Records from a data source
──────

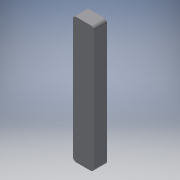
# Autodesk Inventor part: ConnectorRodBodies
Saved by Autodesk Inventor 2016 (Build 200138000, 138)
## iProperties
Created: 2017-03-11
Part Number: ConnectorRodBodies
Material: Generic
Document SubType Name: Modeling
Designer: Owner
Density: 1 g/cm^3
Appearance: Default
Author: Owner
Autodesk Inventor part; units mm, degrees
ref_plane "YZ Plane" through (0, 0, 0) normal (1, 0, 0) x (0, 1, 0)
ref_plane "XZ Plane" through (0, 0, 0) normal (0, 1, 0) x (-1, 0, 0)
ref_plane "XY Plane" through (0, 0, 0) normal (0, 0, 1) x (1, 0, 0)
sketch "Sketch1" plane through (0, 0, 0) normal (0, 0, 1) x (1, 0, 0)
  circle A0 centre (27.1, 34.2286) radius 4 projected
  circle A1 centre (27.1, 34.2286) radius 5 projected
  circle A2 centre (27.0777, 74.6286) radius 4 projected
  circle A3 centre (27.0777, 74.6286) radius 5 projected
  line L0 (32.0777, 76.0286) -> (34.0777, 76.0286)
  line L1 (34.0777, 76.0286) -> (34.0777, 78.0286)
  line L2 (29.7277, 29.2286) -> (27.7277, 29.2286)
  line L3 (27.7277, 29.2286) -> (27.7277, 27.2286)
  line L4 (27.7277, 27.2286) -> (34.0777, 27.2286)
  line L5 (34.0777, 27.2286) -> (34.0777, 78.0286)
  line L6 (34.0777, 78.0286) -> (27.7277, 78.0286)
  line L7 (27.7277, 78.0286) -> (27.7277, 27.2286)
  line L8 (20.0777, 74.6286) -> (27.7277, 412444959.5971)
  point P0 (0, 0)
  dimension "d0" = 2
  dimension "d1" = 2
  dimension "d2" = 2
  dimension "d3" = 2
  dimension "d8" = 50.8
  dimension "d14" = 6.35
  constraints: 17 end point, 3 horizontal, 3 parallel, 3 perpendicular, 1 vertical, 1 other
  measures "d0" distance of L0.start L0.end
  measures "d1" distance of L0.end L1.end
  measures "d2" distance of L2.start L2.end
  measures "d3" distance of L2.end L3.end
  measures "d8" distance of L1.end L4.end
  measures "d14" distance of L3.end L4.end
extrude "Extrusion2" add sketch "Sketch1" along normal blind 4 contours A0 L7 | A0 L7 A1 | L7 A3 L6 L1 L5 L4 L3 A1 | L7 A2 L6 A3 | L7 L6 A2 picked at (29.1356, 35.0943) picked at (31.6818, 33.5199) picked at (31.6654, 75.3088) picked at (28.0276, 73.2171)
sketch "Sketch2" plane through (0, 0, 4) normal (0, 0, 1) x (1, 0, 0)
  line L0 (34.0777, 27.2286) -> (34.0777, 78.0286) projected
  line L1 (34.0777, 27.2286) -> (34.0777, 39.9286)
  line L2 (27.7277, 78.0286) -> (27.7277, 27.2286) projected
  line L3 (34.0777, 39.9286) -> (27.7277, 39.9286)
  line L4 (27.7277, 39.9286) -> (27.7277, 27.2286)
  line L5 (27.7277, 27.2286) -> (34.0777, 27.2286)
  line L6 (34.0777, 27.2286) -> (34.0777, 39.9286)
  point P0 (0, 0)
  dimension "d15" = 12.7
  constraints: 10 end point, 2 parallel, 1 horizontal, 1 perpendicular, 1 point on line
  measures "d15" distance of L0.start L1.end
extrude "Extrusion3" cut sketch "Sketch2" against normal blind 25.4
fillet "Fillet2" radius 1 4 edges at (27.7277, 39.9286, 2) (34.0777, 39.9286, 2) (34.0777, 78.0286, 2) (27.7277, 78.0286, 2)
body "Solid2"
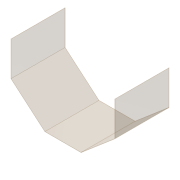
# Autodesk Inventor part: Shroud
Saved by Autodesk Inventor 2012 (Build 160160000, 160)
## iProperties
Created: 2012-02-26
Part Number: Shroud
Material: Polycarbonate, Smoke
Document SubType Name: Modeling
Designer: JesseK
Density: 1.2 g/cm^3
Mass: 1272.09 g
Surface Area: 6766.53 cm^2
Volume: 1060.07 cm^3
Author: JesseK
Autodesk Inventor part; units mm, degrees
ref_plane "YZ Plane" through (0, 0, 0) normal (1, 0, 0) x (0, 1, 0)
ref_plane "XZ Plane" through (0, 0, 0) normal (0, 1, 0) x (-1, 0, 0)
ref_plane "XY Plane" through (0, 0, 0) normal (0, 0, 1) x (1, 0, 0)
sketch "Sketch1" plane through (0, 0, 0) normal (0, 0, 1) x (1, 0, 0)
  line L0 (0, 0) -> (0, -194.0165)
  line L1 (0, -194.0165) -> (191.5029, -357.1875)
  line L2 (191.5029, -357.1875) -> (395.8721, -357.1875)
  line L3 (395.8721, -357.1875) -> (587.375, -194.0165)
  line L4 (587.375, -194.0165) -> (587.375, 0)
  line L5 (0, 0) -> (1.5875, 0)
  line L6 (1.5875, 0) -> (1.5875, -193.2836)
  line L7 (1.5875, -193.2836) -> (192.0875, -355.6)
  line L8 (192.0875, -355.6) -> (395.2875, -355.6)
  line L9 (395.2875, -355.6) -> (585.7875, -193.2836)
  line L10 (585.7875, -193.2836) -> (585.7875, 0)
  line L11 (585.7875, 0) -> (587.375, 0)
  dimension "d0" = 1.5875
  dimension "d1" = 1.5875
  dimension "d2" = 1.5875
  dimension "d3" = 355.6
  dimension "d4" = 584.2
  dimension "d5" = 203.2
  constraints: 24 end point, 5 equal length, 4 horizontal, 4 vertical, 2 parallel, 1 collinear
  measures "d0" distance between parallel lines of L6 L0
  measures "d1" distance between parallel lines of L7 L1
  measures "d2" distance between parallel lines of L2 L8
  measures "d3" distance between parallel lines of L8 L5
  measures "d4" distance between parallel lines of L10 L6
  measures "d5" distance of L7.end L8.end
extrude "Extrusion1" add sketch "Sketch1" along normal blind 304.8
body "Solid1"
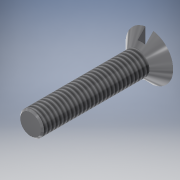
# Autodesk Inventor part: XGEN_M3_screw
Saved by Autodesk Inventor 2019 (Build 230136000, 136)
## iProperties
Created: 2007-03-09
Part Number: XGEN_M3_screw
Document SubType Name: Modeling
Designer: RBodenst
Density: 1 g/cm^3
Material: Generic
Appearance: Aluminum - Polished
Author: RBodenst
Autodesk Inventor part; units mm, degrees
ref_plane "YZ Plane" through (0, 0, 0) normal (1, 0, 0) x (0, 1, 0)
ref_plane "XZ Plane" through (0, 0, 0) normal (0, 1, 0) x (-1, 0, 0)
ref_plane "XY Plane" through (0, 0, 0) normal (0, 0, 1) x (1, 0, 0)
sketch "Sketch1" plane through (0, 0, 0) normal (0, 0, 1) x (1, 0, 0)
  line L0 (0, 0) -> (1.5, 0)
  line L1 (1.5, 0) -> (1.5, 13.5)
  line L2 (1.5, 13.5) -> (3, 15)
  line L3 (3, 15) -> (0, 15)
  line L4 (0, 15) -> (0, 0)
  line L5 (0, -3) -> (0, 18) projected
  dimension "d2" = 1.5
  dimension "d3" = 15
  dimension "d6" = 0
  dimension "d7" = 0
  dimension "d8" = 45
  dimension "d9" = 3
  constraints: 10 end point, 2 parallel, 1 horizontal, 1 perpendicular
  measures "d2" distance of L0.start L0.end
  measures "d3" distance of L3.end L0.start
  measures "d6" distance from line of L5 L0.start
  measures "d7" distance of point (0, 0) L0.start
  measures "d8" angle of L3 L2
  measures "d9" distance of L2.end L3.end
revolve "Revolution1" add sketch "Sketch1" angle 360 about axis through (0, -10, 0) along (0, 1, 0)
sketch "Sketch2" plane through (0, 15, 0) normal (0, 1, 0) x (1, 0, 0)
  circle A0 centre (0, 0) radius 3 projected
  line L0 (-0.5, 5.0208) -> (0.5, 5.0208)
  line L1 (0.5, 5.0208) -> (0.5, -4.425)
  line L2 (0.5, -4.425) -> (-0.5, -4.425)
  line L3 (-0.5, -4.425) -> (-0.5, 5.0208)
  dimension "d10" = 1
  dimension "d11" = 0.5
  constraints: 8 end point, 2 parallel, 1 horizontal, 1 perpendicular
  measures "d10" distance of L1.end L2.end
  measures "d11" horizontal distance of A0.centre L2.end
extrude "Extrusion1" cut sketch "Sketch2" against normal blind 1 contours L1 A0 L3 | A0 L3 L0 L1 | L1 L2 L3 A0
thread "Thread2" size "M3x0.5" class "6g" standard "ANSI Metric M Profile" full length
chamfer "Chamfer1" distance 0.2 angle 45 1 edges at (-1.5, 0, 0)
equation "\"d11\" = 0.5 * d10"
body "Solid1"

──────

Return, unchanged, the run of lines above that opens with the line containing "line L3 (3, 15) -> (0, 15)" and closes with the line containing "of L5 L0.start". Include both.

  line L3 (3, 15) -> (0, 15)
  line L4 (0, 15) -> (0, 0)
  line L5 (0, -3) -> (0, 18) projected
  dimension "d2" = 1.5
  dimension "d3" = 15
  dimension "d6" = 0
  dimension "d7" = 0
  dimension "d8" = 45
  dimension "d9" = 3
  constraints: 10 end point, 2 parallel, 1 horizontal, 1 perpendicular
  measures "d2" distance of L0.start L0.end
  measures "d3" distance of L3.end L0.start
  measures "d6" distance from line of L5 L0.start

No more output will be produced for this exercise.